The line containing "#10413 = LINE ( 'NONE', #8342, #3162 ) ;" marks the end; return exactly every line from the start of the records up to and including it, but no pictures.

========

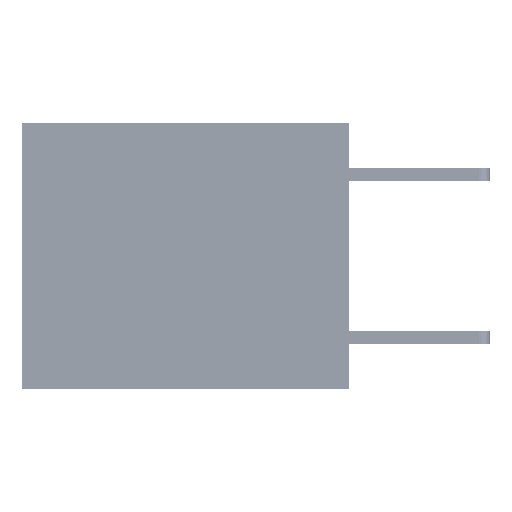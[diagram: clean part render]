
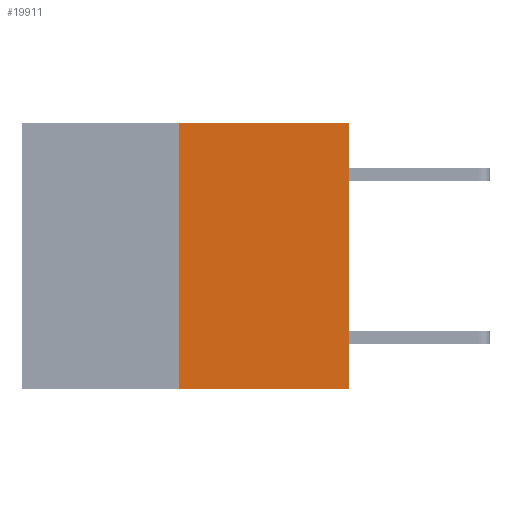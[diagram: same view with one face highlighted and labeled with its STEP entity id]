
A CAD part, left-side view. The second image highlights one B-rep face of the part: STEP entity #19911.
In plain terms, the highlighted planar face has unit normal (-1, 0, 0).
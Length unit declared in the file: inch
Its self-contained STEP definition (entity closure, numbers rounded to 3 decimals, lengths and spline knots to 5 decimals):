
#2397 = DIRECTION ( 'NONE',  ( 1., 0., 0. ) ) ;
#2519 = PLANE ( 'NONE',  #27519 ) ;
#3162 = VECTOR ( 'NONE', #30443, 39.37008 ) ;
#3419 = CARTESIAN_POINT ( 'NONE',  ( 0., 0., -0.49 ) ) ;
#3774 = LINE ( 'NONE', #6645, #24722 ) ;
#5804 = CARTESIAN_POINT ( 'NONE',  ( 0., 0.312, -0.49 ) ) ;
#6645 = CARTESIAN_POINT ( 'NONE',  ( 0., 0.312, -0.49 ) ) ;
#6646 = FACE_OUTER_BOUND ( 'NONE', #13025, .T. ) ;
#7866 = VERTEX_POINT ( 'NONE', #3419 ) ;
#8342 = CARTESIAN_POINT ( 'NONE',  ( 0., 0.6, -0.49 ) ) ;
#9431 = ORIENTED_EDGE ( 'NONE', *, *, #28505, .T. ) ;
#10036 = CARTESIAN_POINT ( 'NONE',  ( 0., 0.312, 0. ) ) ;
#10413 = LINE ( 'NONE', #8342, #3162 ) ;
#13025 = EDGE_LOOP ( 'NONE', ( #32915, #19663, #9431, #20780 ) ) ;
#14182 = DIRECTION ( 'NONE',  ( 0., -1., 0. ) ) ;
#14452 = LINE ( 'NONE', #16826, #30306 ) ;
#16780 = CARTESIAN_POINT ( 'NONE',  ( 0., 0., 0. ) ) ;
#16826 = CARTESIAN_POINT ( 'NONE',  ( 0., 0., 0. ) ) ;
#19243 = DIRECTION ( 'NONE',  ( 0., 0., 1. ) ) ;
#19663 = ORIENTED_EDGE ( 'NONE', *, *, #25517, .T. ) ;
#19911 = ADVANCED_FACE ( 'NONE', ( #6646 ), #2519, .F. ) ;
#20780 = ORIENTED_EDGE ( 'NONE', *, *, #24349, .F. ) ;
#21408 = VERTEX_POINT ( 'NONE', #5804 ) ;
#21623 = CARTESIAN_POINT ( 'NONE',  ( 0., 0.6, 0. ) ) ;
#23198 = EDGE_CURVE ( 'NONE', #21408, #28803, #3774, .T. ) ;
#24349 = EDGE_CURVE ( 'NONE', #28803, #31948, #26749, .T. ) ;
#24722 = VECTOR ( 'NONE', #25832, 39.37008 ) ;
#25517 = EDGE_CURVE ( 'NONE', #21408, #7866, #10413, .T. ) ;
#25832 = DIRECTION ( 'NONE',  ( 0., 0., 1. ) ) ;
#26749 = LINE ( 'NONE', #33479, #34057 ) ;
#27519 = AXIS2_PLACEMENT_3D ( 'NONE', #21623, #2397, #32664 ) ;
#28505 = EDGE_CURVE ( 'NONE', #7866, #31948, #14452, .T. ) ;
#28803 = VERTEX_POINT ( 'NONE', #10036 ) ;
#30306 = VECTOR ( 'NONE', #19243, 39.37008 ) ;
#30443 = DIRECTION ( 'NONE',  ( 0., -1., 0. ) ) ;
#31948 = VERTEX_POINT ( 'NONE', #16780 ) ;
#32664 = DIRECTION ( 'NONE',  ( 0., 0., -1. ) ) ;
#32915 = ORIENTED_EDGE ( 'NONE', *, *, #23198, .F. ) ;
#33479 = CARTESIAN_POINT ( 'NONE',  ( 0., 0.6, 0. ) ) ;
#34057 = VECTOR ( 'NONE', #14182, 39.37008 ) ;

========

▶ Response to the task:
[diagram: clean part render]
[diagram: same view with one face highlighted and labeled with its STEP entity id]
A CAD part, left-side view. The second image highlights one B-rep face of the part: STEP entity #19911.
In plain terms, the highlighted planar face has unit normal (-1, 0, 0).
Length unit declared in the file: inch
Its self-contained STEP definition (entity closure, numbers rounded to 3 decimals, lengths and spline knots to 5 decimals):
#2397 = DIRECTION ( 'NONE',  ( 1., 0., 0. ) ) ;
#2519 = PLANE ( 'NONE',  #27519 ) ;
#3162 = VECTOR ( 'NONE', #30443, 39.37008 ) ;
#3419 = CARTESIAN_POINT ( 'NONE',  ( 0., 0., -0.49 ) ) ;
#3774 = LINE ( 'NONE', #6645, #24722 ) ;
#5804 = CARTESIAN_POINT ( 'NONE',  ( 0., 0.312, -0.49 ) ) ;
#6645 = CARTESIAN_POINT ( 'NONE',  ( 0., 0.312, -0.49 ) ) ;
#6646 = FACE_OUTER_BOUND ( 'NONE', #13025, .T. ) ;
#7866 = VERTEX_POINT ( 'NONE', #3419 ) ;
#8342 = CARTESIAN_POINT ( 'NONE',  ( 0., 0.6, -0.49 ) ) ;
#9431 = ORIENTED_EDGE ( 'NONE', *, *, #28505, .T. ) ;
#10036 = CARTESIAN_POINT ( 'NONE',  ( 0., 0.312, 0. ) ) ;
#10413 = LINE ( 'NONE', #8342, #3162 ) ;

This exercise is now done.